(Stored entries)
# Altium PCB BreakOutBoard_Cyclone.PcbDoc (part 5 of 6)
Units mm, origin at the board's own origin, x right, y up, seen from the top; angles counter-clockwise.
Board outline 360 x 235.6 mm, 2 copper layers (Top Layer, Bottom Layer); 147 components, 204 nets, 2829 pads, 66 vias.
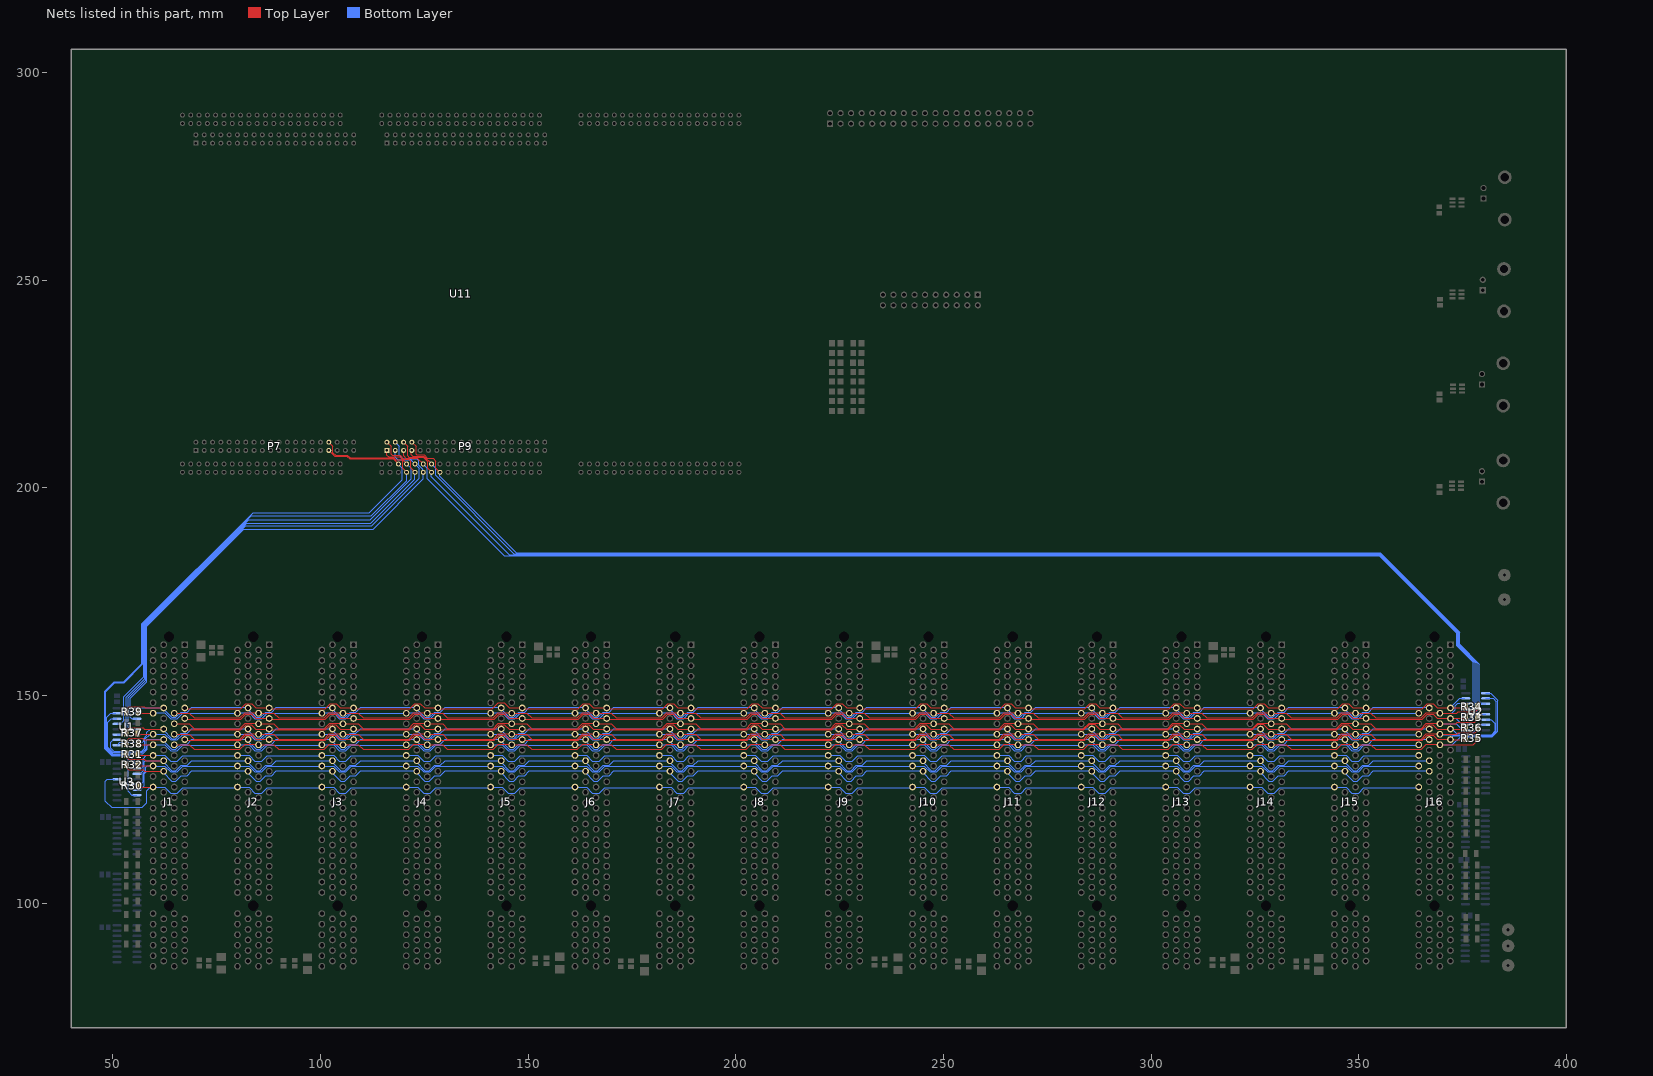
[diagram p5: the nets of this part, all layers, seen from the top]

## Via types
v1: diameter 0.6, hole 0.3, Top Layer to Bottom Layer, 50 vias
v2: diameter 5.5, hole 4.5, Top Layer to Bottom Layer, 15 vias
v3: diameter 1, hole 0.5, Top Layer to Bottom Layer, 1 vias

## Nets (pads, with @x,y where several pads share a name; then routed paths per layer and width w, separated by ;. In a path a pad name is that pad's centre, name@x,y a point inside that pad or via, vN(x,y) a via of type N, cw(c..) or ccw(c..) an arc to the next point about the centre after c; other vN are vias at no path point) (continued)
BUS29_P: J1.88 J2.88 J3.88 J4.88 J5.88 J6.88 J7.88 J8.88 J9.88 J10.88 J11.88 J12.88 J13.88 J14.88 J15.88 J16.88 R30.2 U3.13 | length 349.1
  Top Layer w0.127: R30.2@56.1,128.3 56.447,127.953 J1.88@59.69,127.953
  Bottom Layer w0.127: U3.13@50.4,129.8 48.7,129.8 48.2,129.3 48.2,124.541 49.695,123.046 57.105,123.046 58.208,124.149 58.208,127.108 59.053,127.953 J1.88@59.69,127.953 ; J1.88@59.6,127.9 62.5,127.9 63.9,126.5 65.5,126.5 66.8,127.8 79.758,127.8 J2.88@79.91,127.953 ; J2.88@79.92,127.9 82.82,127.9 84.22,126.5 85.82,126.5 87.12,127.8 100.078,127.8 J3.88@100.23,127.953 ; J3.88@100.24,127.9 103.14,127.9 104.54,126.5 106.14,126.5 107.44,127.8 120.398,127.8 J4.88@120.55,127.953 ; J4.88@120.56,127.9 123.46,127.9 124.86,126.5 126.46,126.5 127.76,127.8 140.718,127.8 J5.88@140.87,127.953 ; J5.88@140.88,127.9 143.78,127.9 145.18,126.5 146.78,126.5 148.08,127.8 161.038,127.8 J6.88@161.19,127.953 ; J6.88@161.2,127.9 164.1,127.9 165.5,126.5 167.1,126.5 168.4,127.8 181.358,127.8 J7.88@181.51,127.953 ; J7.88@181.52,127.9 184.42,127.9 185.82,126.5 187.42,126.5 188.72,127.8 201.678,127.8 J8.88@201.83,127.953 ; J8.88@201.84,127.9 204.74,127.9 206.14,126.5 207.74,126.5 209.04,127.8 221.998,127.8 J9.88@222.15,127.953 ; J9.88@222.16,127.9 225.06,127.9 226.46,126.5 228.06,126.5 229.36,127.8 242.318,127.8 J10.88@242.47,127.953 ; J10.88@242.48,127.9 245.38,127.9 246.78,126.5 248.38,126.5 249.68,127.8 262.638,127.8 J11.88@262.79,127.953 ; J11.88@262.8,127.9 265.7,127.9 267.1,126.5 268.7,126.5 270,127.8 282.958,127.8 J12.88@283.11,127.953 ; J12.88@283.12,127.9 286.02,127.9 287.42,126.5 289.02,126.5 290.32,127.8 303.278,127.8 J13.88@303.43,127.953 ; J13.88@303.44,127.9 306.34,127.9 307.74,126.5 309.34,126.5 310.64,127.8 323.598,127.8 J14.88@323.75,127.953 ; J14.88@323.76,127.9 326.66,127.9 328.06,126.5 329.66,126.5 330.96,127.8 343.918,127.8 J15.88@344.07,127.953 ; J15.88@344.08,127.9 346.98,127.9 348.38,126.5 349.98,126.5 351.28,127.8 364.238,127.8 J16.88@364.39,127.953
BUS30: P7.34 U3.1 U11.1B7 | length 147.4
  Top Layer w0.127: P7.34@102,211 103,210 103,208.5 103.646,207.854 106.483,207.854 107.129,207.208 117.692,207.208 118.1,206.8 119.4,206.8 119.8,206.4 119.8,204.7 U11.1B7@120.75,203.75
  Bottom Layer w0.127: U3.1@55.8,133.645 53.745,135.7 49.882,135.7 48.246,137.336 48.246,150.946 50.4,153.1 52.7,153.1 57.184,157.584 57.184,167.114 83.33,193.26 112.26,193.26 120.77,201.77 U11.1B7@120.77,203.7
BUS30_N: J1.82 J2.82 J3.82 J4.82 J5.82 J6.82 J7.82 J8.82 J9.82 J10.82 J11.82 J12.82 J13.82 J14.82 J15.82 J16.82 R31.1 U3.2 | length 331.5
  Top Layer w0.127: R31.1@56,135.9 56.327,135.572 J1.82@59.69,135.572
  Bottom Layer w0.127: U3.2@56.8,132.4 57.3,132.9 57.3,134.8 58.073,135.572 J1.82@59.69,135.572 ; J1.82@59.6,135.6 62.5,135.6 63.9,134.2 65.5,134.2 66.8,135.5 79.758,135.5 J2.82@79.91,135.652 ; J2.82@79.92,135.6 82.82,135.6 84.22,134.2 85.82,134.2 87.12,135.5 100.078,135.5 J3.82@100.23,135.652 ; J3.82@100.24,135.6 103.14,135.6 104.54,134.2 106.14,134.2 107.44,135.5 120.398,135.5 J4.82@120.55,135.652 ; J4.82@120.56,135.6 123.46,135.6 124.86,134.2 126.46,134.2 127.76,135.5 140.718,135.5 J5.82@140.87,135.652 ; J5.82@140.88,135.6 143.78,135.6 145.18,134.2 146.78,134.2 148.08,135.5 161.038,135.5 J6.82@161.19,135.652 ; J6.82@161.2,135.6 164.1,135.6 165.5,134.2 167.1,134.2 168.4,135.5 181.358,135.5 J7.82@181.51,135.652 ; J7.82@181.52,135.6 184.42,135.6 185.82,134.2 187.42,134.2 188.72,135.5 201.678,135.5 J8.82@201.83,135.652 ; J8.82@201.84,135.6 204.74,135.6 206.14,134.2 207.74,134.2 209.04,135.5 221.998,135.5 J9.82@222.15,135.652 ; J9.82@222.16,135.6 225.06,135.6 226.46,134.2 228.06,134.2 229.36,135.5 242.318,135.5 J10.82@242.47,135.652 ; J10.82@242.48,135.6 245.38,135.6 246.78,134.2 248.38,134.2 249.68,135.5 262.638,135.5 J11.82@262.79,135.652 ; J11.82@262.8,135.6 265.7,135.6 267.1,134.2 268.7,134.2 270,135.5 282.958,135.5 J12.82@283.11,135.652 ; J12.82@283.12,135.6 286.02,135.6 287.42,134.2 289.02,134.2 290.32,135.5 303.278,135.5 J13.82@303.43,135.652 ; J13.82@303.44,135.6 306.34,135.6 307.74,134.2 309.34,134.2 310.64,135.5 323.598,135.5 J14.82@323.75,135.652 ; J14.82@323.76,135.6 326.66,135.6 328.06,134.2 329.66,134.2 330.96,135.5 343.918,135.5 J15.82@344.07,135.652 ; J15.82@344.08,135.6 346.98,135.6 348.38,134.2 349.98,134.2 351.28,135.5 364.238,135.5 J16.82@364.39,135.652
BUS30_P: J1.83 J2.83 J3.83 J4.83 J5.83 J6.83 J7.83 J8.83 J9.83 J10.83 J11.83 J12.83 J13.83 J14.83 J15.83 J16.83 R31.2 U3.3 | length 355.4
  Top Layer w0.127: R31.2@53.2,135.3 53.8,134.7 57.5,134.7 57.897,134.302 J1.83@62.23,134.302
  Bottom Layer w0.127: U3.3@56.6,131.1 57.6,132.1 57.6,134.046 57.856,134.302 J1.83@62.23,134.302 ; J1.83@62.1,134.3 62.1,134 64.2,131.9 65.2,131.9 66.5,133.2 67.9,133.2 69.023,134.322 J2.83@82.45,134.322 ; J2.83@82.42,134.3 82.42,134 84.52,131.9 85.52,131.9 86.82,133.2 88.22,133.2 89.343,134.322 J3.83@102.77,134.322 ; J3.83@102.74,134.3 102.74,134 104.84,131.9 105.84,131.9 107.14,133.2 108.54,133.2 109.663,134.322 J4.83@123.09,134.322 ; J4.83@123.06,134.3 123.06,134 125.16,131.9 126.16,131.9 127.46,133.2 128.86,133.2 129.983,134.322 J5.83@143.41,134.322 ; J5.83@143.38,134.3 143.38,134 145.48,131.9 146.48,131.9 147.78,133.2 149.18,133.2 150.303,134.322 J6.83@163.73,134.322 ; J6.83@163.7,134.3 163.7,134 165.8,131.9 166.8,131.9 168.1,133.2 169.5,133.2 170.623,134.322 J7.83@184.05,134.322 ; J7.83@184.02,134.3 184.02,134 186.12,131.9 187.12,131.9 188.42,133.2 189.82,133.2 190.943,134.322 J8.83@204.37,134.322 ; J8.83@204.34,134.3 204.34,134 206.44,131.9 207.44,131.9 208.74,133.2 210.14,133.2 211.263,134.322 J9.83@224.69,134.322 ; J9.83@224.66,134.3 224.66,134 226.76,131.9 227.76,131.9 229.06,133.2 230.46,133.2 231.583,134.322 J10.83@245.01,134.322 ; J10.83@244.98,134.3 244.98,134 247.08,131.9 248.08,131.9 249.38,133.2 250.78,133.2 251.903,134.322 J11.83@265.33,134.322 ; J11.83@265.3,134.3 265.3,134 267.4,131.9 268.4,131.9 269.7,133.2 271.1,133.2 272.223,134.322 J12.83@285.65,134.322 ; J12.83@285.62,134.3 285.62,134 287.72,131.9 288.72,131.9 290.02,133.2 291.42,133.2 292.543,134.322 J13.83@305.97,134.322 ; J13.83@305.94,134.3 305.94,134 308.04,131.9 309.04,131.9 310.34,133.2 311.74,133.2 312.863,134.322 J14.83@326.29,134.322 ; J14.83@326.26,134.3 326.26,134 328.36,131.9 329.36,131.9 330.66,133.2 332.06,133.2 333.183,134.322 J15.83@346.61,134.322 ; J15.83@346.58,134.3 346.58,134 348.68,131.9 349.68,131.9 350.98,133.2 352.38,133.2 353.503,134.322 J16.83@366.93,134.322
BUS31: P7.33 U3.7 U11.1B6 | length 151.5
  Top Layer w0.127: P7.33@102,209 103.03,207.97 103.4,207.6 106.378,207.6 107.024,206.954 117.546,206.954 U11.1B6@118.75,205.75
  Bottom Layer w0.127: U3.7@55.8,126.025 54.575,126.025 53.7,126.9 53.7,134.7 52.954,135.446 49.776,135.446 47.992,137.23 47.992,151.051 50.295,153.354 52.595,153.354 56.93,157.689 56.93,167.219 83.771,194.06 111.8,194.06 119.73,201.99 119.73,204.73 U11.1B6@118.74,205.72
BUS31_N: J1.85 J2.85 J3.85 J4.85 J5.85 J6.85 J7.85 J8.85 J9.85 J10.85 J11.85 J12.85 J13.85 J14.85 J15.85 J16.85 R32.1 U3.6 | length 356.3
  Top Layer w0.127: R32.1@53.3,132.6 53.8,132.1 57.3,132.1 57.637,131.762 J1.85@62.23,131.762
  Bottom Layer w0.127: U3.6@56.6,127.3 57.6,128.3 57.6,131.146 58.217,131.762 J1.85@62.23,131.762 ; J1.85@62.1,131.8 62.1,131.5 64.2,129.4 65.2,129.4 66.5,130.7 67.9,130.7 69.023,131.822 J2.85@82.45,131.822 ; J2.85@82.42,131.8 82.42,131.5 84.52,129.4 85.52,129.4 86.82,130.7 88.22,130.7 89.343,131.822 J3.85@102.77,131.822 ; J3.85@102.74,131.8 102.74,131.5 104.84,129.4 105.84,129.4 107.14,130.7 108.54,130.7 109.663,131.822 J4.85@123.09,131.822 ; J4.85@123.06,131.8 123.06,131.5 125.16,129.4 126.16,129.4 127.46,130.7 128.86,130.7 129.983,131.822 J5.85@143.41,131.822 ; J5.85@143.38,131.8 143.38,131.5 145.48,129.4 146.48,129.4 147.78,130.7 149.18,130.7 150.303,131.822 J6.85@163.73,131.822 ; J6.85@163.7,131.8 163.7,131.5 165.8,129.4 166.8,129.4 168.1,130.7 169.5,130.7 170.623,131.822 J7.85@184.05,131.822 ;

*EXERCISE BRIEF*. Taking the entries above, write out exactly each line from the one holding "Top Layer w0.127: P7.34@102,211" to the one holding "Top Layer w0.127: R31.1@56,135.9", both included, and stop there.

*EXERCISE RESULT*.
  Top Layer w0.127: P7.34@102,211 103,210 103,208.5 103.646,207.854 106.483,207.854 107.129,207.208 117.692,207.208 118.1,206.8 119.4,206.8 119.8,206.4 119.8,204.7 U11.1B7@120.75,203.75
  Bottom Layer w0.127: U3.1@55.8,133.645 53.745,135.7 49.882,135.7 48.246,137.336 48.246,150.946 50.4,153.1 52.7,153.1 57.184,157.584 57.184,167.114 83.33,193.26 112.26,193.26 120.77,201.77 U11.1B7@120.77,203.7
BUS30_N: J1.82 J2.82 J3.82 J4.82 J5.82 J6.82 J7.82 J8.82 J9.82 J10.82 J11.82 J12.82 J13.82 J14.82 J15.82 J16.82 R31.1 U3.2 | length 331.5
  Top Layer w0.127: R31.1@56,135.9 56.327,135.572 J1.82@59.69,135.572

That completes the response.